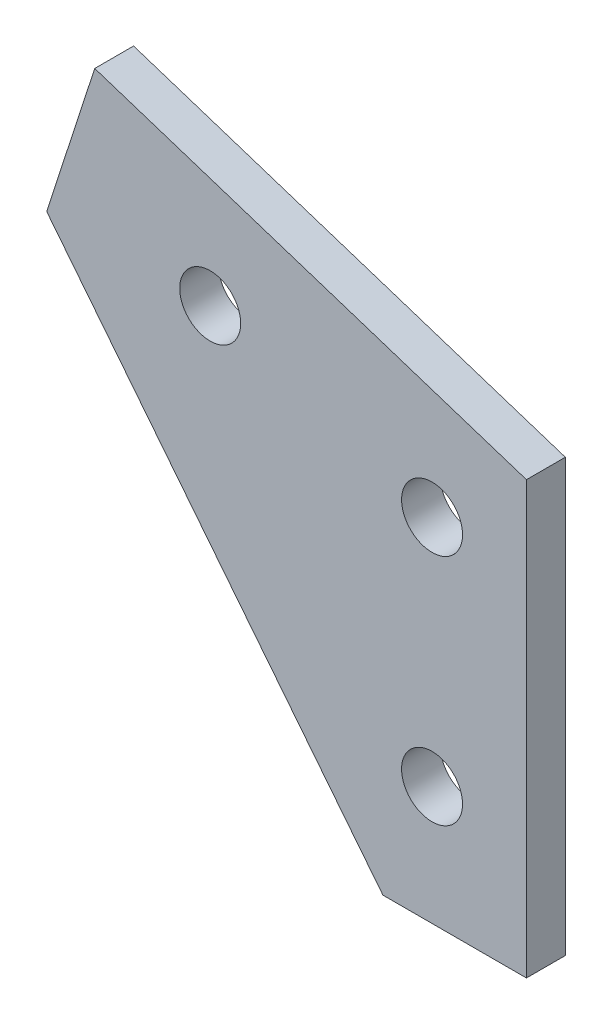
from build123d import *

# Parameters (mm, degrees)
BOSS_EXTRUDE1_DEPTH    = 3.175
F_10_CLEARANCE_HOLE1_D = 4.9784


with BuildPart() as part:
    # Sketch4 → Boss-Extrude1 (new body)
    with BuildSketch(Plane.XY):
        Polygon((-42.954209552, 292.801454104), (-7.698379745, 281.346140593), (-7.698379745, 246.102906618), (-19.418956281, 246.102906618), (-46.878725381, 280.723036347), align=None)
    extrude(amount=BOSS_EXTRUDE1_DEPTH)

    # #10 Clearance Hole1 (through all)
    with Locations(Plane.XY.offset(3.175)):
        with Locations((-33.525155133, 280.723036347), (-15.407528498, 274.836262604), (-15.407528498, 255.786262604)):
            Hole(F_10_CLEARANCE_HOLE1_D / 2)


solid = part.part
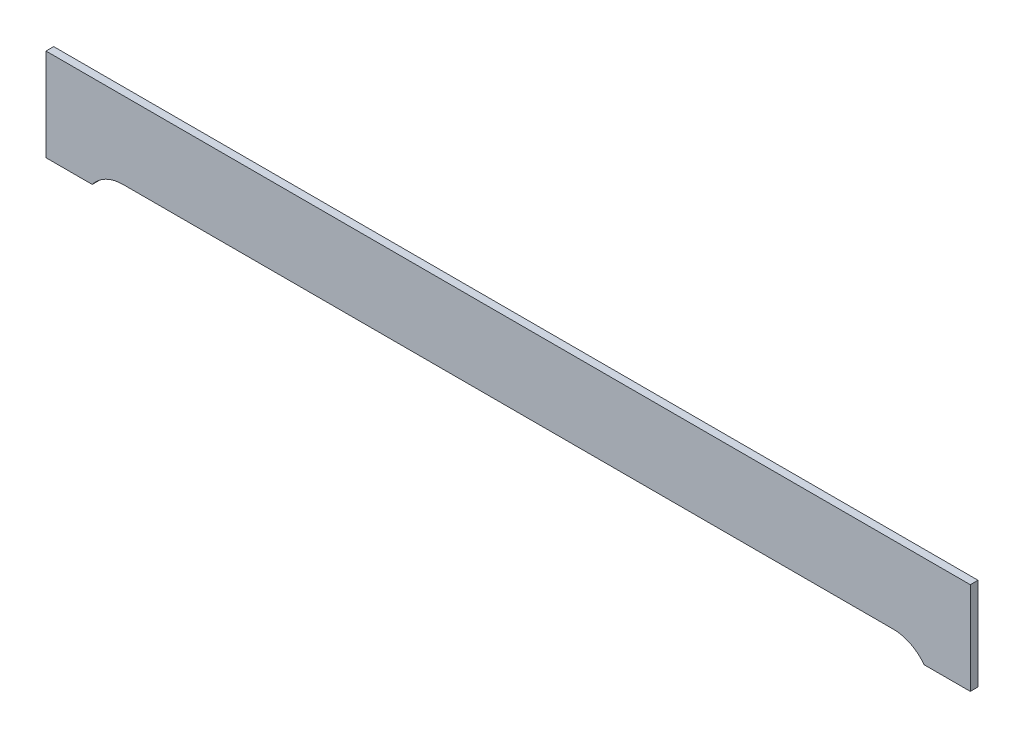
from build123d import *

# Parameters (mm, degrees)
BOSS_EXTRUDE1_DEPTH = 5


with BuildPart() as part:
    # Sketch1 → Boss-Extrude1 (new body)
    with BuildSketch(Plane.XY):
        with BuildLine():
            Line((0, 0), (0, -10))
            Line((0, -10), (30, -10))
            ThreePointArc((30, -10), (38.819660113, -2.639320225), (50, 0))
            Line((50, 0), (550, 0))
            ThreePointArc((550, 0), (561.180339887, -2.639320225), (570, -10))
            Line((570, -10), (600, -10))
            Line((600, -10), (600, 0))
            Line((600, 0), (600, 50))
            Line((600, 50), (0, 50))
            Line((0, 50), (0, 0))
        make_face()
    extrude(amount=BOSS_EXTRUDE1_DEPTH)


solid = part.part
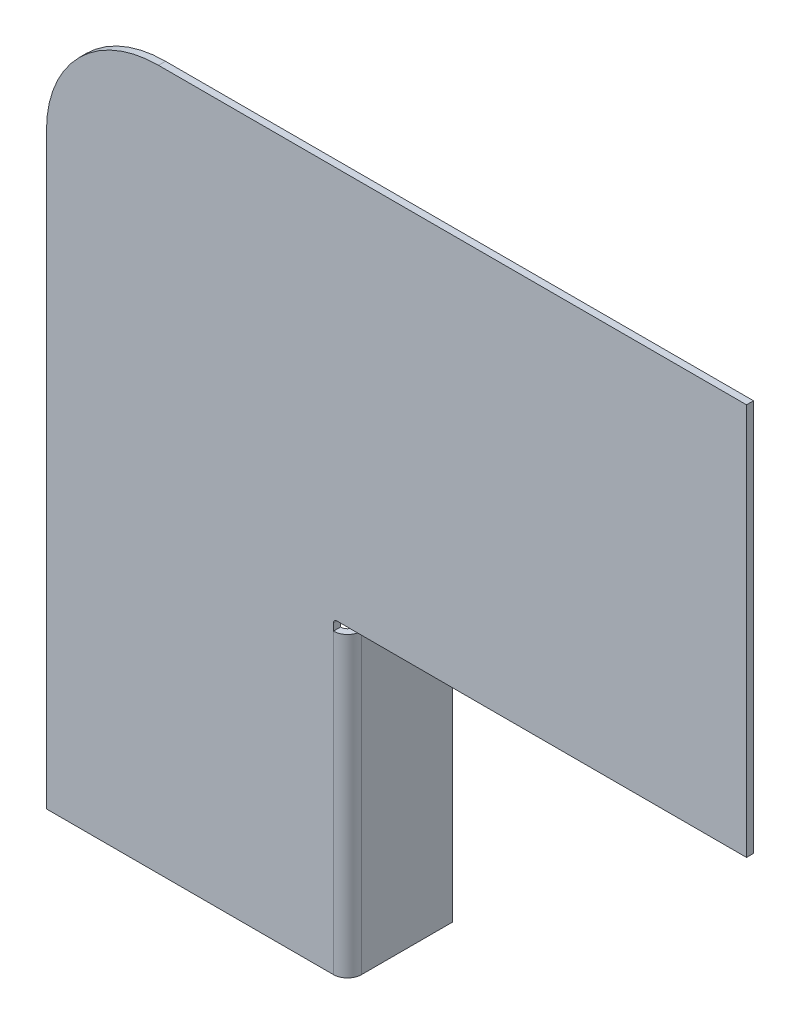
from build123d import *

# Parameters (mm, degrees)
BASE_FLANGE1_DEPTH = 1
EDGE_FLANGE2_DEPTH = 42.5


# Sheet-metal steps are written as plain solids
with BuildPart() as part:
    # Sketch1 → Base-Flange1 (new body)
    with BuildSketch(Plane.XY):
        with BuildLine():
            Line((-16, 0), (-16, -84))
            Line((-16, -84), (25, -84))
            Line((25, -84), (25, -40.5))
            ThreePointArc((25, -40.5), (25.146446609, -40.146446609), (25.5, -40))
            Line((25.5, -40), (84, -40))
            Line((84, -40), (84, 16))
            Line((84, 16), (0, 16))
            ThreePointArc((0, 16), (-11.313708499, 11.313708499), (-16, 0))
        make_face()
    extrude(amount=-BASE_FLANGE1_DEPTH)

    # Edge-Flange2 section (across the edge) → Edge-Flange2 (add)
    with BuildSketch(Plane(origin=(26, -41.5, -1), x_dir=(-1, 0, 0), z_dir=(0, -1, 0))):
        with BuildLine():
            Line((-1, 1), (-1, 14))
            Line((-1, 14), (0, 14))
            Line((0, 14), (0, 1))
            ThreePointArc((0, 1), (0.292893219, 0.292893219), (1, 0))
            Line((1, 0), (1, -1))
            ThreePointArc((1, -1), (-0.414213562, -0.414213562), (-1, 1))
        make_face()
    extrude(amount=EDGE_FLANGE2_DEPTH)


solid = part.part
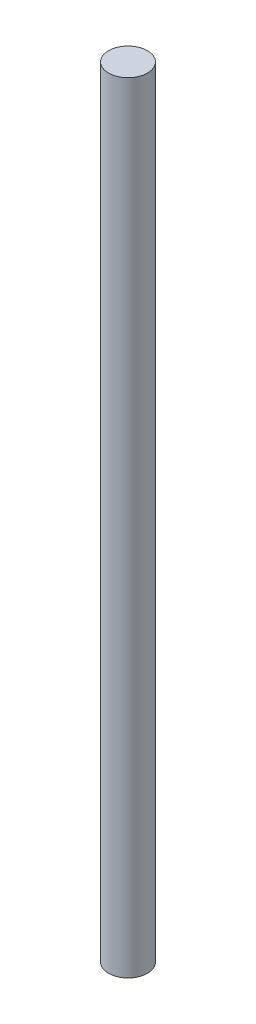
from build123d import *

# Parameters (mm, degrees)
SKETCH1_R           = 9.4996
BOSS_EXTRUDE1_DEPTH = 190.5


with BuildPart() as part:
    # Sketch1 → Boss-Extrude1 (new, symmetric)
    with BuildSketch(Plane(origin=(0, 0, 0), x_dir=(1, 0, 0), z_dir=(0, 1, 0))):
        Circle(SKETCH1_R)
    extrude(amount=BOSS_EXTRUDE1_DEPTH, both=True)


solid = part.part
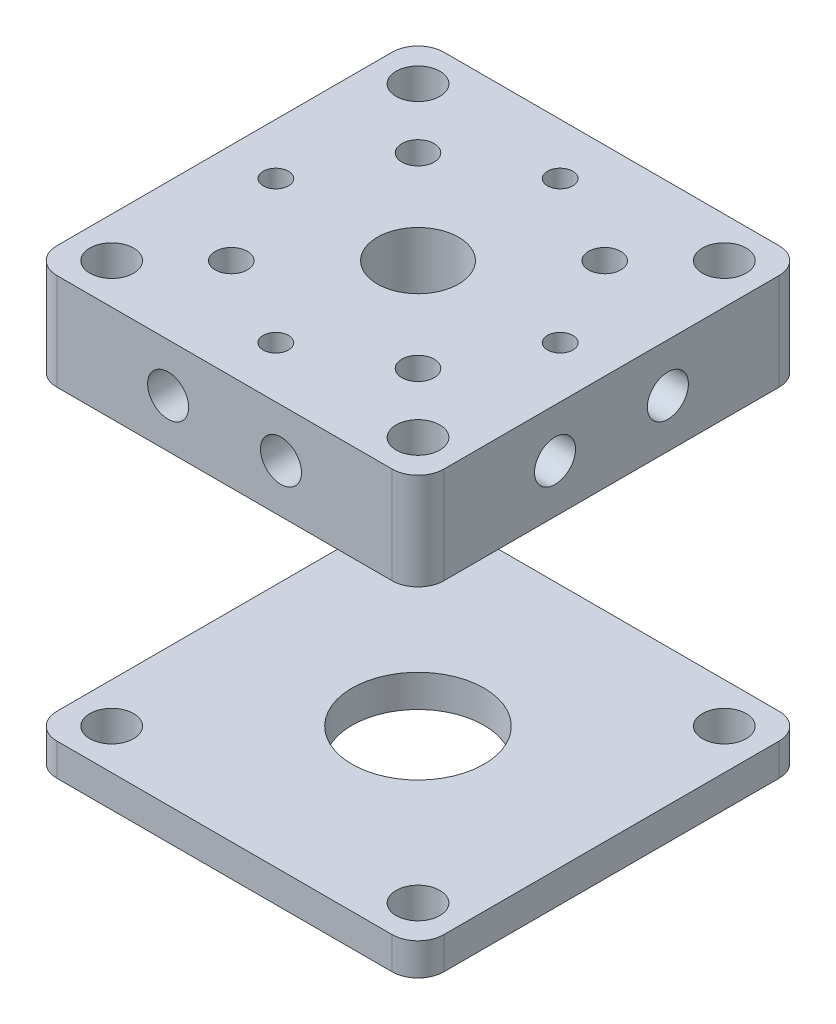
from build123d import *

# Parameters (mm, degrees)
SKETCH1_W           = 38.1
SKETCH1_H           = 38.1
SKETCH1_R           = 1.25
SKETCH1_R_2         = 1.5875
SKETCH1_R_3         = 4
BOSS_EXTRUDE1_DEPTH = 4.7625
SKETCH4_R           = 2.0193
CUT_EXTRUDE2_DEPTH  = 9.525
SKETCH7_R           = 2.15265
CUT_EXTRUDE3_DEPTH  = 29.575
CIRPATTERN1_COUNT   = 4
SKETCH6_W           = 38.1
SKETCH6_H           = 38.1
SKETCH6_R           = 6.5
SKETCH6_R_2         = 2.15265
BOSS_EXTRUDE2_DEPTH = 3.175
FILLET1_R           = 2.54
FILLET2_R           = 2.54


with BuildPart() as part:
    # Sketch1 → Boss-Extrude1 (new, symmetric)
    with BuildSketch(Plane(origin=(0, 0, 0), x_dir=(1, 0, 0), z_dir=(0, 1, 0))):
        Rectangle(SKETCH1_W, SKETCH1_H)
        with Locations((0, -14)):
            Circle(SKETCH1_R, mode=Mode.SUBTRACT)
        with Locations((-9.192388155, -9.192388155)):
            Circle(SKETCH1_R_2, mode=Mode.SUBTRACT)
        with Locations((9.192388155, -9.192388155)):
            Circle(SKETCH1_R_2, mode=Mode.SUBTRACT)
        with Locations((-14, 0)):
            Circle(SKETCH1_R, mode=Mode.SUBTRACT)
        Circle(SKETCH1_R_3, mode=Mode.SUBTRACT)
        with BuildLine():
            ThreePointArc((-8.954362092, 10.761942182), (-7.988639297, 10.227349477), (-7.604888155, 9.192388155))
            ThreePointArc((-7.604888155, 9.192388155), (-10.396137013, 8.157426834), (-8.954362092, 10.761942182))
        make_face(mode=Mode.SUBTRACT)
        with BuildLine():
            ThreePointArc((1.25, 14), (0.027908743, 12.750311598), (-1.248753763, 13.944196429))
            ThreePointArc((-1.248753763, 13.944196429), (-0.027908743, 15.249688402), (1.25, 14))
        make_face(mode=Mode.SUBTRACT)
        with Locations((9.192388155, 9.192388155)):
            Circle(SKETCH1_R_2, mode=Mode.SUBTRACT)
        with Locations((14, 0)):
            Circle(SKETCH1_R, mode=Mode.SUBTRACT)
    extrude(amount=BOSS_EXTRUDE1_DEPTH, both=True)

    # Sketch4 → Cut-Extrude2 (cut)
    with BuildSketch(Plane.XY.offset(19.05)):
        with Locations((-5.55625, 0)):
            Circle(SKETCH4_R)
        with Locations((5.55625, 0)):
            Circle(SKETCH4_R)
    cut_extrude2 = extrude(amount=-CUT_EXTRUDE2_DEPTH, mode=Mode.SUBTRACT)

    # Sketch7 → Cut-Extrude3 (cut, through all)
    with BuildSketch(Plane.XZ.offset(4.7625)):
        with Locations((-15.08125, 15.08125)):
            Circle(SKETCH7_R)
        with Locations((15.08125, 15.08125)):
            Circle(SKETCH7_R)
        with Locations((15.08125, -15.08125)):
            Circle(SKETCH7_R)
        with Locations((-15.08125, -15.08125)):
            Circle(SKETCH7_R)
    extrude(amount=-CUT_EXTRUDE3_DEPTH, mode=Mode.SUBTRACT)

    # CirPattern1: Cut-Extrude2 ×4 about axis
    cirpattern1_axis = Axis((0, 4.7625, 0), (0, -1, 0))
    for i in range(1, CIRPATTERN1_COUNT):
        add(cut_extrude2.rotate(cirpattern1_axis, i * 360 / CIRPATTERN1_COUNT), mode=Mode.SUBTRACT)

    # Fillet1
    fillet1_edges = [part.edges().sort_by_distance(p)[0] for p in [
        (-19.05, 0, 19.05),
        (-19.05, 0, -19.05),
        (19.05, 0, -19.05),
        (19.05, 0, 19.05),
    ]]
    fillet(fillet1_edges, radius=FILLET1_R)


with BuildPart() as body_2:
    # Sketch6 → Boss-Extrude2 (new body)
    with BuildSketch(Plane(origin=(0, -34.9377, 0), x_dir=(-1, 0, 0), z_dir=(0, -1, 0))):
        Rectangle(SKETCH6_W, SKETCH6_H)
        Circle(SKETCH6_R, mode=Mode.SUBTRACT)
        with Locations((-15.08125, 15.08125)):
            Circle(SKETCH6_R_2, mode=Mode.SUBTRACT)
        with Locations((15.08125, 15.08125)):
            Circle(SKETCH6_R_2, mode=Mode.SUBTRACT)
        with Locations((15.08125, -15.08125)):
            Circle(SKETCH6_R_2, mode=Mode.SUBTRACT)
        with Locations((-15.08125, -15.08125)):
            Circle(SKETCH6_R_2, mode=Mode.SUBTRACT)
    extrude(amount=BOSS_EXTRUDE2_DEPTH)

    # Fillet2
    fillet2_edges = [body_2.edges().sort_by_distance(p)[0] for p in [
        (-19.05, -36.5252, 19.05),
        (-19.05, -36.5252, -19.05),
        (19.05, -36.5252, -19.05),
        (19.05, -36.5252, 19.05),
    ]]
    fillet(fillet2_edges, radius=FILLET2_R)


solid = Compound([part.part, body_2.part])

★ ★ ★

EXERCISE AIM:
In the records above, the line with "BOSS_EXTRUDE2_DEPTH = 3.175" marks the start and the line with "10.227349477), (-7.604888155, 9.192388155))" marks the end; copy that stretch exactly, both lines included, and nothing else.

ANSWER TO THIS EXERCISE:
BOSS_EXTRUDE2_DEPTH = 3.175
FILLET1_R           = 2.54
FILLET2_R           = 2.54


with BuildPart() as part:
    # Sketch1 → Boss-Extrude1 (new, symmetric)
    with BuildSketch(Plane(origin=(0, 0, 0), x_dir=(1, 0, 0), z_dir=(0, 1, 0))):
        Rectangle(SKETCH1_W, SKETCH1_H)
        with Locations((0, -14)):
            Circle(SKETCH1_R, mode=Mode.SUBTRACT)
        with Locations((-9.192388155, -9.192388155)):
            Circle(SKETCH1_R_2, mode=Mode.SUBTRACT)
        with Locations((9.192388155, -9.192388155)):
            Circle(SKETCH1_R_2, mode=Mode.SUBTRACT)
        with Locations((-14, 0)):
            Circle(SKETCH1_R, mode=Mode.SUBTRACT)
        Circle(SKETCH1_R_3, mode=Mode.SUBTRACT)
        with BuildLine():
            ThreePointArc((-8.954362092, 10.761942182), (-7.988639297, 10.227349477), (-7.604888155, 9.192388155))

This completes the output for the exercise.